Although I don't have a citation for it, a similar 'biological basis' argument was made about a certain urban racial group and the sport of basketball. In the 1920s-40s the sport of basketball was dominated by Jewish players, playing in their own 'Hebrew leagues' and later in the NBA. It was said that the jews had some sort of biological edge over other races, what with their uncanny ability in passing and shooting. Now it is African-Americans who predominate in the urban ghettos where many jews used to live (and play a lot of basketball), and who also are said to have a biological affinity for the sport.

Ambivalent_Maybe said...

(Sorry about all the 'removed' posts--we had some problems with double-posts, and my own poorly edited post. No ideas were squelched, no dissent dissed.

- Ambivalentmaybe
- weblog administrator)

Sacrifice Pawn said...

Not to muddy the waters here, but it might be of use to consider how women have been pushed to the margins in other fields of study as well. In the arts, for example, men have been about as dominant through the ages as they have in the sciences. Only in the last couple of decades has the gender gap in visual art, for example, started to narrow. Are we to assume that there just weren't any women artists talented enough to compete with the men over the last few centuries? Of course not. The societal structure has historically been controlled by men, and women have rarely been encouraged to succeed in anything but domestic roles.

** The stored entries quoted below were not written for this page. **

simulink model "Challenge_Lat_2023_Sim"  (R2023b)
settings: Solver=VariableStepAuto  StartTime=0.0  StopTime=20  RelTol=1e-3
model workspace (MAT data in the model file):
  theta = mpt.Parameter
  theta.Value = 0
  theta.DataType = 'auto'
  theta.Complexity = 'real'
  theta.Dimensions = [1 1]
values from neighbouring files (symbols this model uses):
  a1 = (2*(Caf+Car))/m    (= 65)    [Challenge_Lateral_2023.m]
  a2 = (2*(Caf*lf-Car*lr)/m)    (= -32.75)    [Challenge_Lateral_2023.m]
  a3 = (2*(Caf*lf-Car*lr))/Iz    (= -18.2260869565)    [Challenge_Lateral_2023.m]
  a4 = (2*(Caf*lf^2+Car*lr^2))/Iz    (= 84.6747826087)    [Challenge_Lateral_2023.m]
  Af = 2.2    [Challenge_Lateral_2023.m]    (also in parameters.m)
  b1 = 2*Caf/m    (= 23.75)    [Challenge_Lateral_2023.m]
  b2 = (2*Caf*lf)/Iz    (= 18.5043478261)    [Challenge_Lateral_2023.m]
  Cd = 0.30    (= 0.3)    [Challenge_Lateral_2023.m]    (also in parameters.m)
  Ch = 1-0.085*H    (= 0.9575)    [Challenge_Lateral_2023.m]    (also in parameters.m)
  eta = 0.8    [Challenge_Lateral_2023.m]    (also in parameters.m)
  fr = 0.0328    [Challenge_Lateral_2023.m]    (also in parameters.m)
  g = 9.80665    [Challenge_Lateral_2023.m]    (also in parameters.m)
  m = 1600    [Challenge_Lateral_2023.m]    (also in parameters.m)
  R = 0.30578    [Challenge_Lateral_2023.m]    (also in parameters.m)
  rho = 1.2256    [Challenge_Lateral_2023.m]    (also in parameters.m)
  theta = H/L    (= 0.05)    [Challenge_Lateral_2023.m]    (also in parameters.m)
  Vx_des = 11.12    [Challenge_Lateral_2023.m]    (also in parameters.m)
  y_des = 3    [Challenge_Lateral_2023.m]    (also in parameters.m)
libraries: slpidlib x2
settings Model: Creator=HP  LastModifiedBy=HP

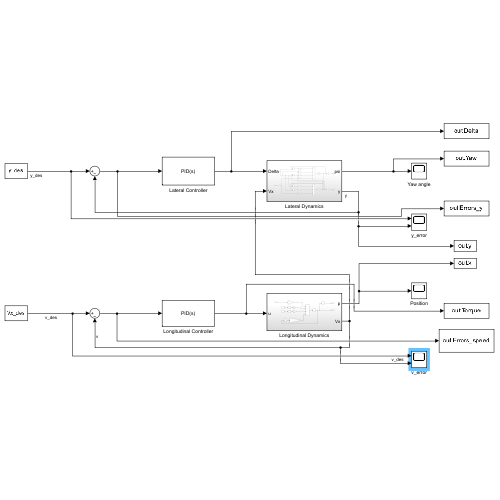
[thumbnail: Simulink's stored preview of the top-level diagram]
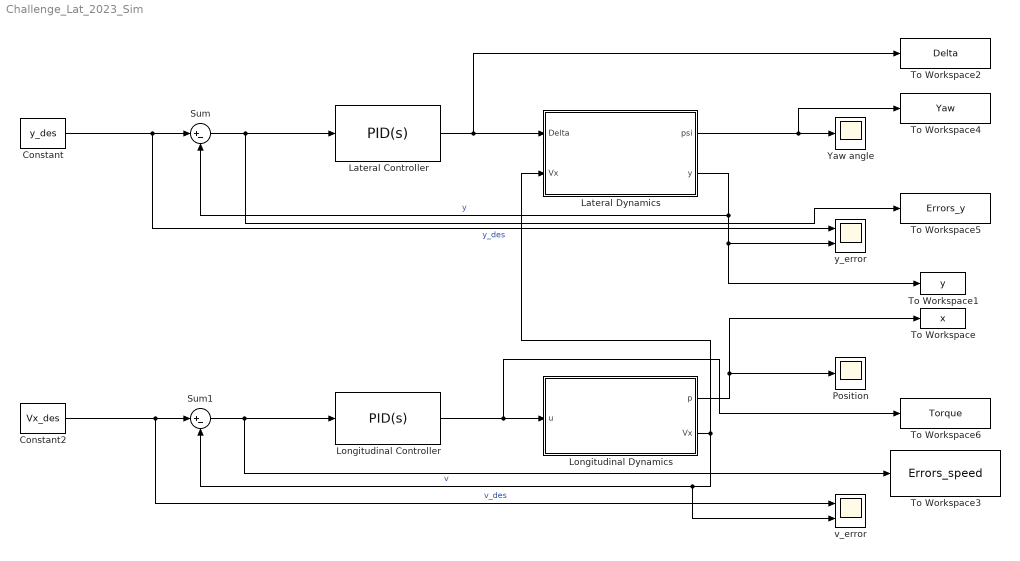
== system Challenge_Lat_2023_Sim ==
  Constant : Constant  Value=y_des
  Constant2 : Constant  Value=Vx_des
  Lateral Controller : slpidlib/PID Controller  Controller=PID  Form=Parallel  TimeDomain=Continuous-time  UseExternalTs=off  SampleTime=-1  IntegratorMethod=Forward Euler  FilterMethod=Forward Euler  ControllerParametersSource=internal  P=1.75  I=0  UseKiTs=off  D=0  N=100  UseFilter=on  TunerSelectOption=Frequency Response Based  InitialConditionSource=internal  InitialConditionForIntegrator=0  InitialConditionForFilter=0  DifferentiatorICPrevScaledInput=0  ExternalReset=none  TrackingMode=off  Kt=1  LimitOutput=off  SatLimitsSource=internal  UpperSaturationLimit=inf  LowerSaturationLimit=-inf  LinearizeAsGain=on  AntiWindupMode=none  Kb=1  LimitIntegrator=off  UpperIntegratorSaturationLimit=inf  LowerIntegratorSaturationLimit=-inf  RndMeth=Zero  POutMin=[]  POutMax=[]  IOutMin=[]  IOutMax=[]  DOutMin=[]  DOutMax=[]  NOutMin=[]  NOutMax=[]  SumOutMin=[]  SumOutMax=[]  SaturationOutMin=[]  SaturationOutMax=[]  PParamMin=[]  PParamMax=[]  IParamMin=[]  IParamMax=[]  DParamMin=[]  DParamMax=[]  NParamMin=[]  NParamMax=[]  KbParamMin=[]  KbParamMax=[]  KtParamMin=[]  KtParamMax=[]  KbOutMin=[]  KbOutMax=[]  KtOutMin=[]  KtOutMax=[]  IntegratorOutMin=[]  IntegratorOutMax=[]  FilterOutMin=[]  FilterOutMax=[]  SumI1OutMin=[]  SumI1OutMax=[]  SumI2OutMin=[]  SumI2OutMax=[]  SumI3OutMin=[]  SumI3OutMax=[]  SumI4OutMin=[]  SumI4OutMax=[]  SumDOutMin=[]  SumDOutMax=[]  DifferentiatorOutMin=[]  DifferentiatorOutMax=[]  FilterDiffOutCoefMin=[]  FilterDiffOutCoefMax=[]  ReciprocalOutMin=[]  ReciprocalOutMax=[]  SumDenOutMin=[]  SumDenOutMax=[]  SumNumOutMin=[]  SumNumOutMax=[]  DivideOutMin=[]  DivideOutMax=[]  UdiffTsProdOutMin=[]  UdiffTsProdOutMax=[]  NTsProdOutMin=[]  NTsProdOutMax=[]  UintegralTsProdOutMin=[]  UintegralTsProdOutMax=[]  UngainTsProdOutMin=[]  UngainTsProdOutMax=[]  ClampingZeroOutDataTypeStr=Inherit: Inherit via back propagation  ClampingZeroOutMin=[]  ClampingZeroOutMax=[]  FilterDenConstantOutDataTypeStr=Inherit: Inherit via back propagation  FilterDenConstantOutMin=[]  FilterDenConstantOutMax=[]  PCopyOutDataTypeStr=Inherit: Inherit via back propagation  PCopyOutMin=[]  PCopyOutMax=[]  NCopyOutDataTypeStr=Inherit: Inherit via back propagation  NCopyOutMin=[]  NCopyOutMax=[]  IntegratorContinuousStateAttributes=''  IntegratorStateMustResolveToSignalObject=off  IntegratorRTWStateStorageClass=Auto  FilterContinuousStateAttributes=''  FilterStateMustResolveToSignalObject=off  FilterRTWStateStorageClass=Auto  ParallelPVariant=InternalParameters  IdealPVariant=Disabled  IVariant=InternalParameters  DVariant=InternalParameters  IntegratorVariant=Continuous  SatVariant=Disabled  AWVariant=Passthrough  PCopyVariant=Disabled  TRVariant=Disabled  FdbkBlocksVariant=Forward  IdealPFdbkVariant=Disabled  SatFdbkVariant=Disabled  DerivativeFilterVariant=ContFilter  NVariant=InternalParameters  NCopyVariant=Disabled  FilterICVariant=InternalICsFilter  IntegratorICVariant=InternalICs  ExternalResetVariant=Disabled  TRSumVariant=Passthrough  SumFdbkVariant=Disabled  SumVariant=Sum_PID  TsampFilterVariant=InternalTs  TsampNgainVariant=Passthrough  TsampIntegralVariant=Disabled_SignalSpec  ExternalSaturationOutDataTypeStr=Inherit: Same as second input
  Lateral Dynamics : Subsystem
  Longitudinal Controller : slpidlib/PID Controller  Controller=PID  Form=Parallel  TimeDomain=Continuous-time  UseExternalTs=off  SampleTime=-1  IntegratorMethod=Forward Euler  FilterMethod=Forward Euler  ControllerParametersSource=internal  P=987.5  I=175  UseKiTs=off  D=0  N=100  UseFilter=on  TunerSelectOption=Frequency Response Based  InitialConditionSource=internal  InitialConditionForIntegrator=0  InitialConditionForFilter=0  DifferentiatorICPrevScaledInput=0  ExternalReset=none  TrackingMode=off  Kt=1  LimitOutput=off  SatLimitsSource=internal  UpperSaturationLimit=inf  LowerSaturationLimit=-inf  LinearizeAsGain=on  AntiWindupMode=none  Kb=1  LimitIntegrator=off  UpperIntegratorSaturationLimit=inf  LowerIntegratorSaturationLimit=-inf  POutMin=[]  POutMax=[]  IOutMin=[]  IOutMax=[]  DOutMin=[]  DOutMax=[]  NOutMin=[]  NOutMax=[]  SumOutMin=[]  SumOutMax=[]  SaturationOutMin=[]  SaturationOutMax=[]  PParamMin=[]  PParamMax=[]  IParamMin=[]  IParamMax=[]  DParamMin=[]  DParamMax=[]  NParamMin=[]  NParamMax=[]  KbParamMin=[]  KbParamMax=[]  KtParamMin=[]  KtParamMax=[]  KbOutMin=[]  KbOutMax=[]  KtOutMin=[]  KtOutMax=[]  IntegratorOutMin=[]  IntegratorOutMax=[]  FilterOutMin=[]  FilterOutMax=[]  SumI1OutMin=[]  SumI1OutMax=[]  SumI2OutMin=[]  SumI2OutMax=[]  SumI3OutMin=[]  SumI3OutMax=[]  SumI4OutMin=[]  SumI4OutMax=[]  SumDOutMin=[]  SumDOutMax=[]  DifferentiatorOutMin=[]  DifferentiatorOutMax=[]  FilterDiffOutCoefMin=[]  FilterDiffOutCoefMax=[]  ReciprocalOutMin=[]  ReciprocalOutMax=[]  SumDenOutMin=[]  SumDenOutMax=[]  SumNumOutMin=[]  SumNumOutMax=[]  DivideOutMin=[]  DivideOutMax=[]  UdiffTsProdOutMin=[]  UdiffTsProdOutMax=[]  NTsProdOutMin=[]  NTsProdOutMax=[]  UintegralTsProdOutMin=[]  UintegralTsProdOutMax=[]  UngainTsProdOutMin=[]  UngainTsProdOutMax=[]  ClampingZeroOutDataTypeStr=Inherit: Inherit via back propagation  ClampingZeroOutMin=[]  ClampingZeroOutMax=[]  FilterDenConstantOutDataTypeStr=Inherit: Inherit via back propagation  FilterDenConstantOutMin=[]  FilterDenConstantOutMax=[]  PCopyOutDataTypeStr=Inherit: Inherit via back propagation  PCopyOutMin=[]  PCopyOutMax=[]  NCopyOutDataTypeStr=Inherit: Inherit via back propagation  NCopyOutMin=[]  NCopyOutMax=[]  IntegratorContinuousStateAttributes=''  IntegratorStateMustResolveToSignalObject=off  IntegratorRTWStateStorageClass=Auto  FilterContinuousStateAttributes=''  FilterStateMustResolveToSignalObject=off  FilterRTWStateStorageClass=Auto  ParallelPVariant=InternalParameters  IdealPVariant=Disabled  IVariant=InternalParameters  DVariant=InternalParameters  IntegratorVariant=Continuous  SatVariant=Disabled  AWVariant=Passthrough  PCopyVariant=Disabled  TRVariant=Disabled  FdbkBlocksVariant=Forward  IdealPFdbkVariant=Disabled  SatFdbkVariant=Disabled  DerivativeFilterVariant=ContFilter  NVariant=InternalParameters  NCopyVariant=Disabled  FilterICVariant=InternalICsFilter  IntegratorICVariant=InternalICs  ExternalResetVariant=Disabled  TRSumVariant=Passthrough  SumFdbkVariant=Disabled  SumVariant=Sum_PID  TsampFilterVariant=InternalTs  TsampNgainVariant=Passthrough  TsampIntegralVariant=Disabled_SignalSpec  ExternalSaturationOutDataTypeStr=Inherit: Same as second input
  Longitudinal Dynamics : Subsystem
  Position : Scope
  Sum : Sum  Inputs=|+-
  Sum1 : Sum  Inputs=|+-
  To Workspace : ToWorkspace  VariableName=x  SampleTime=-1
  To Workspace1 : ToWorkspace  VariableName=y  SampleTime=-1
  To Workspace2 : ToWorkspace  VariableName=Delta  SampleTime=-1
  To Workspace3 : ToWorkspace  VariableName=Errors_speed  SaveFormat=Timeseries  SampleTime=-1
  To Workspace4 : ToWorkspace  VariableName=Yaw  SampleTime=-1
  To Workspace5 : ToWorkspace  VariableName=Errors_y  SampleTime=-1
  To Workspace6 : ToWorkspace  VariableName=Torque  SaveFormat=Timeseries  SampleTime=-1
  Yaw angle : Scope
  v_error : Scope  NumInputPorts=2
  y_error : Scope  NumInputPorts=2
  wires:
  Constant/1 -> y_error/1, Sum/1  "y_des"
  Lateral Controller/1 -> To Workspace2/1, Lateral Dynamics/1(Delta)
  Longitudinal Dynamics/2(Vx) -> Lateral Dynamics/2(Vx), v_error/2, Sum1/2  "v"
  Longitudinal Controller/1 -> To Workspace6/1, Longitudinal Dynamics/1(u)
  Sum1/1 -> To Workspace3/1, Longitudinal Controller/1
  Constant2/1 -> v_error/1, Sum1/1  "v_des"
  Longitudinal Dynamics/1(p) -> To Workspace/1, Position/1
  Lateral Dynamics/2(y) -> Sum/2, To Workspace1/1, y_error/2  "y"
  Lateral Dynamics/1(psi) -> To Workspace4/1, Yaw angle/1
  Sum/1 -> To Workspace5/1, Lateral Controller/1

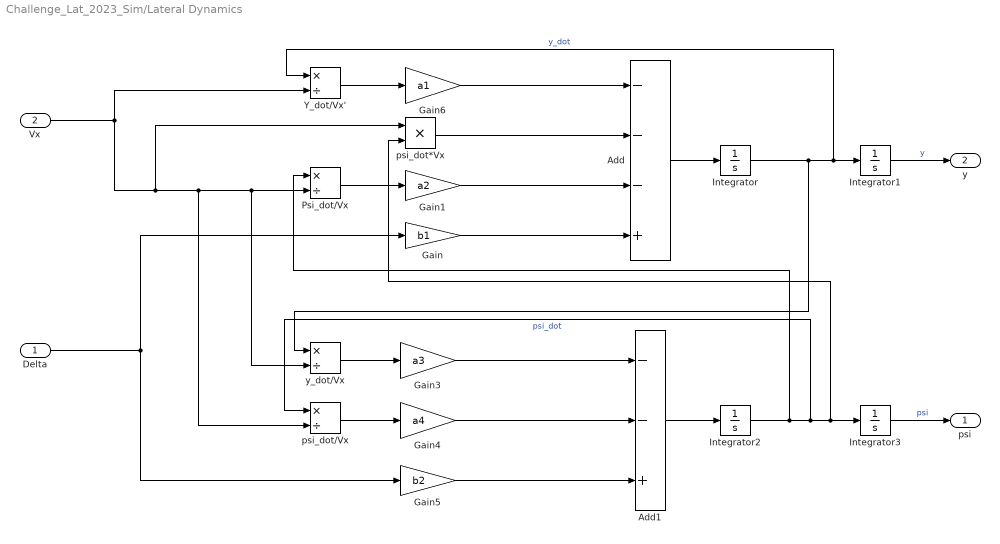
== system Challenge_Lat_2023_Sim/Lateral Dynamics ==
  Delta : Inport
  Vx : Inport  Port=2
  Add : Sum  Inputs=---+
  Add1 : Sum  Inputs=--+
  Gain : Gain  Gain=b1
  Gain1 : Gain  Gain=a2
  Gain3 : Gain  Gain=a3
  Gain4 : Gain  Gain=a4
  Gain5 : Gain  Gain=b2
  Gain6 : Gain  Gain=a1
  Integrator{,1..3} (4 alike) : Integrator
  Psi_dot/Vx : Product  Inputs=*/
  Y_dot/Vx' : Product  Inputs=*/
  psi_dot*Vx : Product
  psi_dot/Vx : Product  Inputs=*/
  y_dot/Vx : Product  Inputs=*/
  psi : Outport
  y : Outport  Port=2
  wires:
  Integrator/1 -> Y_dot/Vx'/1, Integrator1/1, y_dot/Vx/1  "y_dot"
  Integrator3/1 -> psi/1  "psi"
  Add/1 -> Integrator/1
  Integrator2/1 -> Psi_dot/Vx/1, psi_dot/Vx/1, psi_dot*Vx/2, Integrator3/1  "psi_dot"
  Gain3/1 -> Add1/1
  Add1/1 -> Integrator2/1
  Gain5/1 -> Add1/3
  Integrator1/1 -> y/1  "y"
  Gain6/1 -> Add/1
  Gain4/1 -> Add1/2
  Gain1/1 -> Add/3
  Gain/1 -> Add/4
  Delta/1 -> Gain5/1, Gain/1
  Vx/1 -> Psi_dot/Vx/2, y_dot/Vx/2, psi_dot/Vx/2, psi_dot*Vx/1, Y_dot/Vx'/2
  psi_dot*Vx/1 -> Add/2
  Psi_dot/Vx/1 -> Gain1/1
  y_dot/Vx/1 -> Gain3/1
  psi_dot/Vx/1 -> Gain4/1
  Y_dot/Vx'/1 -> Gain6/1

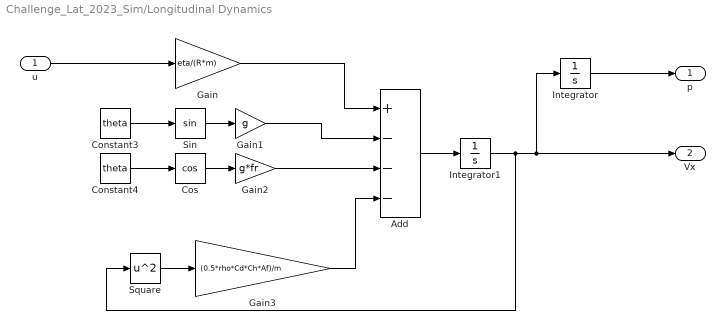
== system Challenge_Lat_2023_Sim/Longitudinal Dynamics ==
  u : Inport
  Add : Sum  Inputs=+---
  Constant3 : Constant  Value=theta
  Constant4 : Constant  Value=theta
  Cos : Trigonometry  Operator=cos
  Gain : Gain  Gain=eta/(R*m)
  Gain1 : Gain  Gain=g
  Gain2 : Gain  Gain=g*fr
  Gain3 : Gain  Gain=(0.5*rho*Cd*Ch*Af)/m
  Integrator : Integrator
  Integrator1 : Integrator  InitialCondition=6.94
  Sin : Trigonometry
  Square : Math  Operator=square
  p : Outport
  Vx : Outport  Port=2
  wires:
  Cos/1 -> Gain2/1
  Gain3/1 -> Add/4
  Gain1/1 -> Add/2
  Gain/1 -> Add/1
  Constant4/1 -> Cos/1
  Constant3/1 -> Sin/1
  Sin/1 -> Gain1/1
  Gain2/1 -> Add/3
  Square/1 -> Gain3/1
  Add/1 -> Integrator1/1
  Integrator1/1 -> Vx/1, Integrator/1, Square/1
  u/1 -> Gain/1
  Integrator/1 -> p/1

Even in our relatively open-minded modern world a woman who devotes 80 hours a week to science, painting, business - anything outside the family realm - is looked at as a little strange by a large segment of the general public. ("What's wrong with her? Why isn't she at home raising kids?") A man spending the same amount of time is more likely to be considered "driven" or "dedicated". I would say that it's hard to overestimate the effect of society on these issues. There is still a long way to go in tearing down these social structures that hold women back.

I don't want to put restrictions on what Lawrence Summers or anyone else says or thinks, but there is a dangerous sort of circular reasoning at work here. If the person at the top of a university thinks that men might be genetically predisposed to excel in science compared with women, might they not tend to give men the best positions in the science departments? Thus men predominate at the top of the field, thus men must be better at science?

Back in 2002 Lisa Leslie of the LA Sparks became the first woman to pull off a slam-dunk in a WNBA game - something that might have been considered impossible ten years ago. We need to get away from the idea of putting limits on people's potential to excel - whatever the field; whatever their gender, race, or class.